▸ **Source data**
***

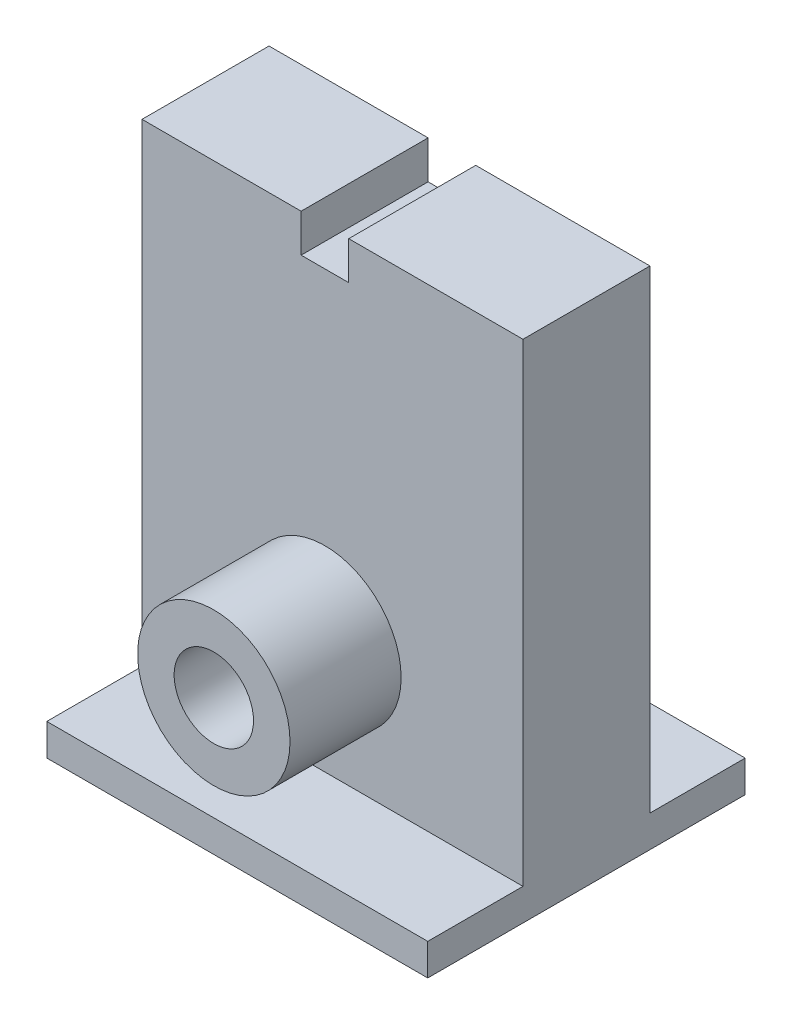
ISO-10303-21;
HEADER;
FILE_DESCRIPTION(('STEP AP214'),'2;1');
FILE_NAME('part.step','',(''),(''),'','','');
FILE_SCHEMA(('AUTOMOTIVE_DESIGN { 1 0 10303 214 1 1 1 1 }'));
ENDSEC;
DATA;
#1=APPLICATION_CONTEXT('core data for automotive mechanical design processes');
#2=APPLICATION_PROTOCOL_DEFINITION('international standard','automotive_design',2000,#1);
#3=PRODUCT_CONTEXT('',#1,'mechanical');
#4=PRODUCT('Part','Part','',(#3));
#5=PRODUCT_RELATED_PRODUCT_CATEGORY('part','',(#4));
#6=PRODUCT_DEFINITION_FORMATION('','',#4);
#7=PRODUCT_DEFINITION_CONTEXT('part definition',#1,'design');
#8=PRODUCT_DEFINITION('design','',#6,#7);
#9=PRODUCT_DEFINITION_SHAPE('','',#8);
#10=(LENGTH_UNIT() NAMED_UNIT(*) SI_UNIT(.MILLI.,.METRE.));
#11=(NAMED_UNIT(*) PLANE_ANGLE_UNIT() SI_UNIT($,.RADIAN.));
#12=(NAMED_UNIT(*) SI_UNIT($,.STERADIAN.) SOLID_ANGLE_UNIT());
#13=UNCERTAINTY_MEASURE_WITH_UNIT(LENGTH_MEASURE(1.E-05),#10,'distance_accuracy_value','');
#14=(GEOMETRIC_REPRESENTATION_CONTEXT(3) GLOBAL_UNCERTAINTY_ASSIGNED_CONTEXT((#13)) GLOBAL_UNIT_ASSIGNED_CONTEXT((#10,
#11,#12)) REPRESENTATION_CONTEXT('',''));
#15=CARTESIAN_POINT('',(0.,0.,0.));
#16=DIRECTION('',(0.,0.,1.));
#17=DIRECTION('',(1.,0.,0.));
#18=AXIS2_PLACEMENT_3D('',#15,#16,#17);
#19=CARTESIAN_POINT('',(-57.6145024875622,24.0242288557214,40.));
#20=DIRECTION('',(0.,-1.,0.));
#21=DIRECTION('',(0.,0.,-1.));
#22=AXIS2_PLACEMENT_3D('',#19,#20,#21);
#23=PLANE('',#22);
#24=DIRECTION('',(0.,0.,-1.));
#25=VECTOR('',#24,1.);
#26=CARTESIAN_POINT('',(-7.5,24.0242288557214,0.));
#27=LINE('',#26,#25);
#28=CARTESIAN_POINT('',(-7.5,24.0242288557214,40.));
#29=VERTEX_POINT('',#28);
#30=CARTESIAN_POINT('',(-7.5,24.0242288557214,0.));
#31=VERTEX_POINT('',#30);
#32=EDGE_CURVE('E198',#29,#31,#27,.T.);
#33=ORIENTED_EDGE('',*,*,#32,.F.);
#34=DIRECTION('',(-1.,0.,0.));
#35=VECTOR('',#34,1.);
#36=CARTESIAN_POINT('',(-57.6145024875622,24.0242288557214,40.));
#37=LINE('',#36,#35);
#38=CARTESIAN_POINT('',(7.50000000000001,24.0242288557214,40.));
#39=VERTEX_POINT('',#38);
#40=EDGE_CURVE('E237',#39,#29,#37,.T.);
#41=ORIENTED_EDGE('',*,*,#40,.F.);
#42=DIRECTION('',(0.,0.,1.));
#43=VECTOR('',#42,1.);
#44=CARTESIAN_POINT('',(7.5,24.0242288557214,0.));
#45=LINE('',#44,#43);
#46=CARTESIAN_POINT('',(7.5,24.0242288557214,0.));
#47=VERTEX_POINT('',#46);
#48=EDGE_CURVE('E208',#47,#39,#45,.T.);
#49=ORIENTED_EDGE('',*,*,#48,.F.);
#50=DIRECTION('',(-1.,0.,0.));
#51=VECTOR('',#50,1.);
#52=CARTESIAN_POINT('',(-57.6145024875622,24.0242288557214,0.));
#53=LINE('',#52,#51);
#54=EDGE_CURVE('E235',#47,#31,#53,.T.);
#55=ORIENTED_EDGE('',*,*,#54,.T.);
#56=EDGE_LOOP('',(#33,#41,#49,#55));
#57=FACE_BOUND('',#56,.T.);
#58=ADVANCED_FACE('F41',(#57),#23,.F.);
#59=CARTESIAN_POINT('',(-57.6145024875622,-123.225771144279,40.));
#60=DIRECTION('',(1.,0.,0.));
#61=DIRECTION('',(0.,1.,0.));
#62=AXIS2_PLACEMENT_3D('',#59,#60,#61);
#63=PLANE('',#62);
#64=DIRECTION('',(0.,-1.,0.));
#65=VECTOR('',#64,1.);
#66=CARTESIAN_POINT('',(-57.6145024875622,-123.225771144279,0.));
#67=LINE('',#66,#65);
#68=CARTESIAN_POINT('',(-57.6145024875622,36.0242288557214,0.));
#69=VERTEX_POINT('',#68);
#70=CARTESIAN_POINT('',(-57.6145024875622,-113.225771144279,0.));
#71=VERTEX_POINT('',#70);
#72=EDGE_CURVE('E214',#69,#71,#67,.T.);
#73=ORIENTED_EDGE('',*,*,#72,.T.);
#74=DIRECTION('',(0.,0.,-1.));
#75=VECTOR('',#74,1.);
#76=CARTESIAN_POINT('',(-57.6145024875622,-113.225771144279,-30.));
#77=LINE('',#76,#75);
#78=CARTESIAN_POINT('',(-57.6145024875622,-113.225771144279,-30.));
#79=VERTEX_POINT('',#78);
#80=EDGE_CURVE('E146',#71,#79,#77,.T.);
#81=ORIENTED_EDGE('',*,*,#80,.T.);
#82=DIRECTION('',(0.,-1.,0.));
#83=VECTOR('',#82,1.);
#84=CARTESIAN_POINT('',(-57.6145024875622,-113.225771144279,-30.));
#85=LINE('',#84,#83);
#86=CARTESIAN_POINT('',(-57.6145024875622,-123.225771144279,-30.));
#87=VERTEX_POINT('',#86);
#88=EDGE_CURVE('E137',#79,#87,#85,.T.);
#89=ORIENTED_EDGE('',*,*,#88,.T.);
#90=DIRECTION('',(0.,0.,-1.));
#91=VECTOR('',#90,1.);
#92=CARTESIAN_POINT('',(-57.6145024875622,-123.225771144279,40.));
#93=LINE('',#92,#91);
#94=CARTESIAN_POINT('',(-57.6145024875622,-123.225771144279,70.));
#95=VERTEX_POINT('',#94);
#96=EDGE_CURVE('E132',#95,#87,#93,.T.);
#97=ORIENTED_EDGE('',*,*,#96,.F.);
#98=DIRECTION('',(0.,-1.,0.));
#99=VECTOR('',#98,1.);
#100=CARTESIAN_POINT('',(-57.6145024875622,-113.225771144279,70.));
#101=LINE('',#100,#99);
#102=CARTESIAN_POINT('',(-57.6145024875622,-113.225771144279,70.));
#103=VERTEX_POINT('',#102);
#104=EDGE_CURVE('E127',#103,#95,#101,.T.);
#105=ORIENTED_EDGE('',*,*,#104,.F.);
#106=CARTESIAN_POINT('',(-57.6145024875622,-113.225771144279,40.));
#107=VERTEX_POINT('',#106);
#108=EDGE_CURVE('E130',#103,#107,#77,.T.);
#109=ORIENTED_EDGE('',*,*,#108,.T.);
#110=DIRECTION('',(0.,-1.,0.));
#111=VECTOR('',#110,1.);
#112=CARTESIAN_POINT('',(-57.6145024875622,-123.225771144279,40.));
#113=LINE('',#112,#111);
#114=CARTESIAN_POINT('',(-57.6145024875622,36.0242288557214,40.));
#115=VERTEX_POINT('',#114);
#116=EDGE_CURVE('E61',#115,#107,#113,.T.);
#117=ORIENTED_EDGE('',*,*,#116,.F.);
#118=DIRECTION('',(0.,0.,1.));
#119=VECTOR('',#118,1.);
#120=CARTESIAN_POINT('',(-57.6145024875622,36.0242288557214,40.));
#121=LINE('',#120,#119);
#122=EDGE_CURVE('E194',#69,#115,#121,.T.);
#123=ORIENTED_EDGE('',*,*,#122,.F.);
#124=EDGE_LOOP('',(#73,#81,#89,#97,#105,#109,#117,#123));
#125=FACE_BOUND('',#124,.T.);
#126=ADVANCED_FACE('F43',(#125),#63,.F.);
#127=CARTESIAN_POINT('',(62.3854975124378,-123.225771144279,40.));
#128=DIRECTION('',(0.,1.,0.));
#129=DIRECTION('',(-1.,0.,0.));
#130=AXIS2_PLACEMENT_3D('',#127,#128,#129);
#131=PLANE('',#130);
#132=ORIENTED_EDGE('',*,*,#96,.T.);
#133=DIRECTION('',(1.,0.,0.));
#134=VECTOR('',#133,1.);
#135=CARTESIAN_POINT('',(-57.6145024875622,-123.225771144279,-30.));
#136=LINE('',#135,#134);
#137=CARTESIAN_POINT('',(62.3854975124378,-123.225771144279,-30.));
#138=VERTEX_POINT('',#137);
#139=EDGE_CURVE('E152',#87,#138,#136,.T.);
#140=ORIENTED_EDGE('',*,*,#139,.T.);
#141=DIRECTION('',(0.,0.,-1.));
#142=VECTOR('',#141,1.);
#143=CARTESIAN_POINT('',(62.3854975124378,-123.225771144279,40.));
#144=LINE('',#143,#142);
#145=CARTESIAN_POINT('',(62.3854975124378,-123.225771144279,70.));
#146=VERTEX_POINT('',#145);
#147=EDGE_CURVE('E240',#146,#138,#144,.T.);
#148=ORIENTED_EDGE('',*,*,#147,.F.);
#149=DIRECTION('',(-1.,0.,0.));
#150=VECTOR('',#149,1.);
#151=CARTESIAN_POINT('',(-57.6145024875622,-123.225771144279,70.));
#152=LINE('',#151,#150);
#153=EDGE_CURVE('E155',#146,#95,#152,.T.);
#154=ORIENTED_EDGE('',*,*,#153,.T.);
#155=EDGE_LOOP('',(#132,#140,#148,#154));
#156=FACE_BOUND('',#155,.T.);
#157=ADVANCED_FACE('F246',(#156),#131,.F.);
#158=CARTESIAN_POINT('',(62.3854975124378,24.0242288557214,40.));
#159=DIRECTION('',(-1.,0.,0.));
#160=DIRECTION('',(0.,-1.,0.));
#161=AXIS2_PLACEMENT_3D('',#158,#159,#160);
#162=PLANE('',#161);
#163=DIRECTION('',(0.,1.,0.));
#164=VECTOR('',#163,1.);
#165=CARTESIAN_POINT('',(62.3854975124378,24.0242288557214,40.));
#166=LINE('',#165,#164);
#167=CARTESIAN_POINT('',(62.3854975124378,-113.225771144279,40.));
#168=VERTEX_POINT('',#167);
#169=CARTESIAN_POINT('',(62.3854975124378,36.0242288557214,40.));
#170=VERTEX_POINT('',#169);
#171=EDGE_CURVE('E234',#168,#170,#166,.T.);
#172=ORIENTED_EDGE('',*,*,#171,.F.);
#173=DIRECTION('',(0.,0.,1.));
#174=VECTOR('',#173,1.);
#175=CARTESIAN_POINT('',(62.3854975124378,-113.225771144279,70.));
#176=LINE('',#175,#174);
#177=CARTESIAN_POINT('',(62.3854975124378,-113.225771144279,70.));
#178=VERTEX_POINT('',#177);
#179=EDGE_CURVE('E160',#168,#178,#176,.T.);
#180=ORIENTED_EDGE('',*,*,#179,.T.);
#181=DIRECTION('',(0.,-1.,0.));
#182=VECTOR('',#181,1.);
#183=CARTESIAN_POINT('',(62.3854975124378,-113.225771144279,70.));
#184=LINE('',#183,#182);
#185=EDGE_CURVE('E151',#178,#146,#184,.T.);
#186=ORIENTED_EDGE('',*,*,#185,.T.);
#187=ORIENTED_EDGE('',*,*,#147,.T.);
#188=DIRECTION('',(0.,-1.,0.));
#189=VECTOR('',#188,1.);
#190=CARTESIAN_POINT('',(62.3854975124378,-113.225771144279,-30.));
#191=LINE('',#190,#189);
#192=CARTESIAN_POINT('',(62.3854975124378,-113.225771144279,-30.));
#193=VERTEX_POINT('',#192);
#194=EDGE_CURVE('E165',#193,#138,#191,.T.);
#195=ORIENTED_EDGE('',*,*,#194,.F.);
#196=CARTESIAN_POINT('',(62.3854975124378,-113.225771144279,0.));
#197=VERTEX_POINT('',#196);
#198=EDGE_CURVE('E138',#193,#197,#176,.T.);
#199=ORIENTED_EDGE('',*,*,#198,.T.);
#200=DIRECTION('',(0.,1.,0.));
#201=VECTOR('',#200,1.);
#202=CARTESIAN_POINT('',(62.3854975124378,24.0242288557214,0.));
#203=LINE('',#202,#201);
#204=CARTESIAN_POINT('',(62.3854975124378,36.0242288557214,0.));
#205=VERTEX_POINT('',#204);
#206=EDGE_CURVE('E242',#197,#205,#203,.T.);
#207=ORIENTED_EDGE('',*,*,#206,.T.);
#208=DIRECTION('',(0.,0.,-1.));
#209=VECTOR('',#208,1.);
#210=CARTESIAN_POINT('',(62.3854975124378,36.0242288557214,40.));
#211=LINE('',#210,#209);
#212=EDGE_CURVE('E220',#170,#205,#211,.T.);
#213=ORIENTED_EDGE('',*,*,#212,.F.);
#214=EDGE_LOOP('',(#172,#180,#186,#187,#195,#199,#207,#213));
#215=FACE_BOUND('',#214,.T.);
#216=ADVANCED_FACE('F254',(#215),#162,.F.);
#217=CARTESIAN_POINT('',(0.,0.,40.));
#218=DIRECTION('',(0.,0.,-1.));
#219=DIRECTION('',(-1.,0.,0.));
#220=AXIS2_PLACEMENT_3D('',#217,#218,#219);
#221=PLANE('',#220);
#222=CARTESIAN_POINT('',(0.,-75.4757711442786,40.));
#223=DIRECTION('',(0.,0.,1.));
#224=DIRECTION('',(1.,0.,0.));
#225=AXIS2_PLACEMENT_3D('',#222,#223,#224);
#226=CIRCLE('',#225,24.);
#227=CARTESIAN_POINT('',(24.,-75.4757711442786,40.));
#228=VERTEX_POINT('',#227);
#229=EDGE_CURVE('E176',#228,#228,#226,.T.);
#230=ORIENTED_EDGE('',*,*,#229,.F.);
#231=EDGE_LOOP('',(#230));
#232=FACE_BOUND('',#231,.T.);
#233=ORIENTED_EDGE('',*,*,#116,.T.);
#234=DIRECTION('',(1.,0.,0.));
#235=VECTOR('',#234,1.);
#236=CARTESIAN_POINT('',(0.,-113.225771144279,40.));
#237=LINE('',#236,#235);
#238=EDGE_CURVE('E56',#107,#168,#237,.T.);
#239=ORIENTED_EDGE('',*,*,#238,.T.);
#240=ORIENTED_EDGE('',*,*,#171,.T.);
#241=DIRECTION('',(1.,0.,0.));
#242=VECTOR('',#241,1.);
#243=CARTESIAN_POINT('',(7.50000000000001,36.0242288557214,40.));
#244=LINE('',#243,#242);
#245=CARTESIAN_POINT('',(7.50000000000001,36.0242288557214,40.));
#246=VERTEX_POINT('',#245);
#247=EDGE_CURVE('E226',#246,#170,#244,.T.);
#248=ORIENTED_EDGE('',*,*,#247,.F.);
#249=DIRECTION('',(0.,-1.,0.));
#250=VECTOR('',#249,1.);
#251=CARTESIAN_POINT('',(7.50000000000001,36.0242288557214,40.));
#252=LINE('',#251,#250);
#253=EDGE_CURVE('E217',#246,#39,#252,.T.);
#254=ORIENTED_EDGE('',*,*,#253,.T.);
#255=ORIENTED_EDGE('',*,*,#40,.T.);
#256=DIRECTION('',(0.,-1.,0.));
#257=VECTOR('',#256,1.);
#258=CARTESIAN_POINT('',(-7.5,36.0242288557214,40.));
#259=LINE('',#258,#257);
#260=CARTESIAN_POINT('',(-7.5,36.0242288557214,40.));
#261=VERTEX_POINT('',#260);
#262=EDGE_CURVE('E211',#261,#29,#259,.T.);
#263=ORIENTED_EDGE('',*,*,#262,.F.);
#264=DIRECTION('',(1.,0.,0.));
#265=VECTOR('',#264,1.);
#266=CARTESIAN_POINT('',(-7.5,36.0242288557214,40.));
#267=LINE('',#266,#265);
#268=EDGE_CURVE('E197',#115,#261,#267,.T.);
#269=ORIENTED_EDGE('',*,*,#268,.F.);
#270=EDGE_LOOP('',(#233,#239,#240,#248,#254,#255,#263,#269));
#271=FACE_BOUND('',#270,.T.);
#272=ADVANCED_FACE('F258',(#232,#271),#221,.F.);
#273=CARTESIAN_POINT('',(0.,0.,0.));
#274=DIRECTION('',(0.,0.,-1.));
#275=DIRECTION('',(-1.,0.,0.));
#276=AXIS2_PLACEMENT_3D('',#273,#274,#275);
#277=PLANE('',#276);
#278=DIRECTION('',(1.,0.,0.));
#279=VECTOR('',#278,1.);
#280=CARTESIAN_POINT('',(0.,-113.225771144279,0.));
#281=LINE('',#280,#279);
#282=EDGE_CURVE('E11',#71,#197,#281,.T.);
#283=ORIENTED_EDGE('',*,*,#282,.F.);
#284=ORIENTED_EDGE('',*,*,#72,.F.);
#285=DIRECTION('',(-1.,0.,0.));
#286=VECTOR('',#285,1.);
#287=CARTESIAN_POINT('',(-57.6145024875622,36.0242288557214,0.));
#288=LINE('',#287,#286);
#289=CARTESIAN_POINT('',(-7.5,36.0242288557214,0.));
#290=VERTEX_POINT('',#289);
#291=EDGE_CURVE('E202',#290,#69,#288,.T.);
#292=ORIENTED_EDGE('',*,*,#291,.F.);
#293=DIRECTION('',(0.,-1.,0.));
#294=VECTOR('',#293,1.);
#295=CARTESIAN_POINT('',(-7.5,36.0242288557214,0.));
#296=LINE('',#295,#294);
#297=EDGE_CURVE('E205',#290,#31,#296,.T.);
#298=ORIENTED_EDGE('',*,*,#297,.T.);
#299=ORIENTED_EDGE('',*,*,#54,.F.);
#300=DIRECTION('',(0.,-1.,0.));
#301=VECTOR('',#300,1.);
#302=CARTESIAN_POINT('',(7.5,36.0242288557214,0.));
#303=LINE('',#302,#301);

***

▸ **Work instruction**
Given the records above, restate word for word only the lines starting at the one with "#173=DIRECTION('',(0.,0.,1.));" and ending at the one with "#212=EDGE_CURVE('E220',#170,#205,#211,.T.);".

▸ **Result**
#173=DIRECTION('',(0.,0.,1.));
#174=VECTOR('',#173,1.);
#175=CARTESIAN_POINT('',(62.3854975124378,-113.225771144279,70.));
#176=LINE('',#175,#174);
#177=CARTESIAN_POINT('',(62.3854975124378,-113.225771144279,70.));
#178=VERTEX_POINT('',#177);
#179=EDGE_CURVE('E160',#168,#178,#176,.T.);
#180=ORIENTED_EDGE('',*,*,#179,.T.);
#181=DIRECTION('',(0.,-1.,0.));
#182=VECTOR('',#181,1.);
#183=CARTESIAN_POINT('',(62.3854975124378,-113.225771144279,70.));
#184=LINE('',#183,#182);
#185=EDGE_CURVE('E151',#178,#146,#184,.T.);
#186=ORIENTED_EDGE('',*,*,#185,.T.);
#187=ORIENTED_EDGE('',*,*,#147,.T.);
#188=DIRECTION('',(0.,-1.,0.));
#189=VECTOR('',#188,1.);
#190=CARTESIAN_POINT('',(62.3854975124378,-113.225771144279,-30.));
#191=LINE('',#190,#189);
#192=CARTESIAN_POINT('',(62.3854975124378,-113.225771144279,-30.));
#193=VERTEX_POINT('',#192);
#194=EDGE_CURVE('E165',#193,#138,#191,.T.);
#195=ORIENTED_EDGE('',*,*,#194,.F.);
#196=CARTESIAN_POINT('',(62.3854975124378,-113.225771144279,0.));
#197=VERTEX_POINT('',#196);
#198=EDGE_CURVE('E138',#193,#197,#176,.T.);
#199=ORIENTED_EDGE('',*,*,#198,.T.);
#200=DIRECTION('',(0.,1.,0.));
#201=VECTOR('',#200,1.);
#202=CARTESIAN_POINT('',(62.3854975124378,24.0242288557214,0.));
#203=LINE('',#202,#201);
#204=CARTESIAN_POINT('',(62.3854975124378,36.0242288557214,0.));
#205=VERTEX_POINT('',#204);
#206=EDGE_CURVE('E242',#197,#205,#203,.T.);
#207=ORIENTED_EDGE('',*,*,#206,.T.);
#208=DIRECTION('',(0.,0.,-1.));
#209=VECTOR('',#208,1.);
#210=CARTESIAN_POINT('',(62.3854975124378,36.0242288557214,40.));
#211=LINE('',#210,#209);
#212=EDGE_CURVE('E220',#170,#205,#211,.T.);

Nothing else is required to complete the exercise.